So kann es gehen: Zunächst suchte der Autor nach einem Autor, der in Vergessenheit geraten war. Also nahm er das Literaturlexikon zur Hand und tippte die Einträge in eine Internetsuchmaschine. Jedoch stieß der unter dem Pseudonym Francis Nenik veröffentlichende Autor auf keinen Schriftsteller, der vergessen genug war. Von jedem befanden sich schon Informationen im Netz. Das ist natürlich kein guter Ausgangspunkt für eine Rechercheprojekt über irgendeinen, den die Nachwelt übersehen hat. Bis er auf Hasso Grabner stieß. Im Internet waren nur spärliche Informationen zu finden (das hat sich inzwischen etwas geändert), obwohl er in der DDR in durchaus hohen Auflagen verlegt wurde. Nenik ist bei seiner Recherche auf eine tatsächlich erstaunliche Biographie gestoßen, der Titel des daraus entstandenen Buches lautet »Reise durch ein tragikomisches Jahrhundert. Das irrwitzige Leben des Hasso Grabner«. Wer also war Hasso Grabner?

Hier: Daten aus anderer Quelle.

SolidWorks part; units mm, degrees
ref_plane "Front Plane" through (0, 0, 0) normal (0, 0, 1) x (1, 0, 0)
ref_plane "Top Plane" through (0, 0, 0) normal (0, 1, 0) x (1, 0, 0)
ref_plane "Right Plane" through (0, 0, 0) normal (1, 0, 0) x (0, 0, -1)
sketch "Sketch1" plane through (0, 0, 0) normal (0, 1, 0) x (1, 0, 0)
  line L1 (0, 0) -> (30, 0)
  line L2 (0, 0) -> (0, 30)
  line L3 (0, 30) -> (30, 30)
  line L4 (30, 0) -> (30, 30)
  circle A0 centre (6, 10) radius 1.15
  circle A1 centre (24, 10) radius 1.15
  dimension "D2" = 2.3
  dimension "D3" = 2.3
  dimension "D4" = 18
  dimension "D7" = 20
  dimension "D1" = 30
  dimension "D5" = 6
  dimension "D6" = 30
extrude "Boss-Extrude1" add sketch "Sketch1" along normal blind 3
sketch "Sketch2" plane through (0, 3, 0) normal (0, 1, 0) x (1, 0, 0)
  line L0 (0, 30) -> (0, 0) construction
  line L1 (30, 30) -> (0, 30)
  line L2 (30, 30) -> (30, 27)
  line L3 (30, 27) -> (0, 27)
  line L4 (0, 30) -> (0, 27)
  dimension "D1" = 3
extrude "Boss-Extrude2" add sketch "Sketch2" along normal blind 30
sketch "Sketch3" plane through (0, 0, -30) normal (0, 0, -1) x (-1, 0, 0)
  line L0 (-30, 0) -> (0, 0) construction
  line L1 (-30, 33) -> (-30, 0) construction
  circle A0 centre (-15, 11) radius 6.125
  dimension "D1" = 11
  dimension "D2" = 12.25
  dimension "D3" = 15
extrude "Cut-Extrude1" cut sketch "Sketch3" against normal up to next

Er wurde 1911 in Leipzig geboren, absolvierte recht zufällig eine Lehre als Buchhändler, trat 1930 der KPD bei, übernahm lokale Führungsaufgaben, gründete und leitete kommunistische Betriebszellen, besuchte die Reichsparteischule in Berlin, arbeite ab 1933 im Untergrund, wurde 1934 inhaftiert und saß bis 1938 im Zuchthaus Waldheim. Bei der Entlassung stand die Gestapo schon am Tor und brachte ihn ins KZ Buchenwald. Als gelernter Buchhändler konnte Grabner in der Lagerbibliothek unterkommen und entkam so dem Tod durch Arbeit beziehungsweise Erschießung oder Vergasung. Nach Entlassung arbeitete er in einer Rüstungsfabrik, in der er im geringen Maße Sabotage betrieb. 1942 wurde er in das Strafdivision 999 der Wehrmacht eingezogen, es verschlug ihn nach Griechenland. Der Rückweg führte über den Balkan, in Albanien wurde er mit Partisanen konfrontiert, die ebenfalls Kommunisten waren, ihn aber, der Wehrmachtsuniform trug, bekämpften (und er sie). Bei Sarajevo desertierte Grabner und flüchtete zurück ins heimatliche Sachsen. Nach Ende des Krieges wurde er Mitglied der FDJ und der SED, für kurze Zeit leitete er den neugegründeten MDR, wurde dann Regierungsrat. Kurz darauf wurde ihm die Leitung der ostdeutschen Stahlwerke übertragen, er war auch für den Aufbau des Kombinats »Schwarze Pumpe« verantwortlich. Weil Grabner aus Pragmatismus immer wieder Entscheidungen traf, die nicht mit Parteigremien abgesprochen waren und deren Linie widersprach, wurde er entlassen und auf eigenen Wunsch als Hilfsarbeiter beschäftigt. Ab 1958 arbeitete er dann als freier Schriftsteller, konnte mehrere Bücher in renommierten Verlagen veröffentlichen, hatte aber auch zeitweise nicht die Möglichkeit zu publizieren. Zugleich wurde er von der Staatssicherheit überwacht. 1976 starb Grabner.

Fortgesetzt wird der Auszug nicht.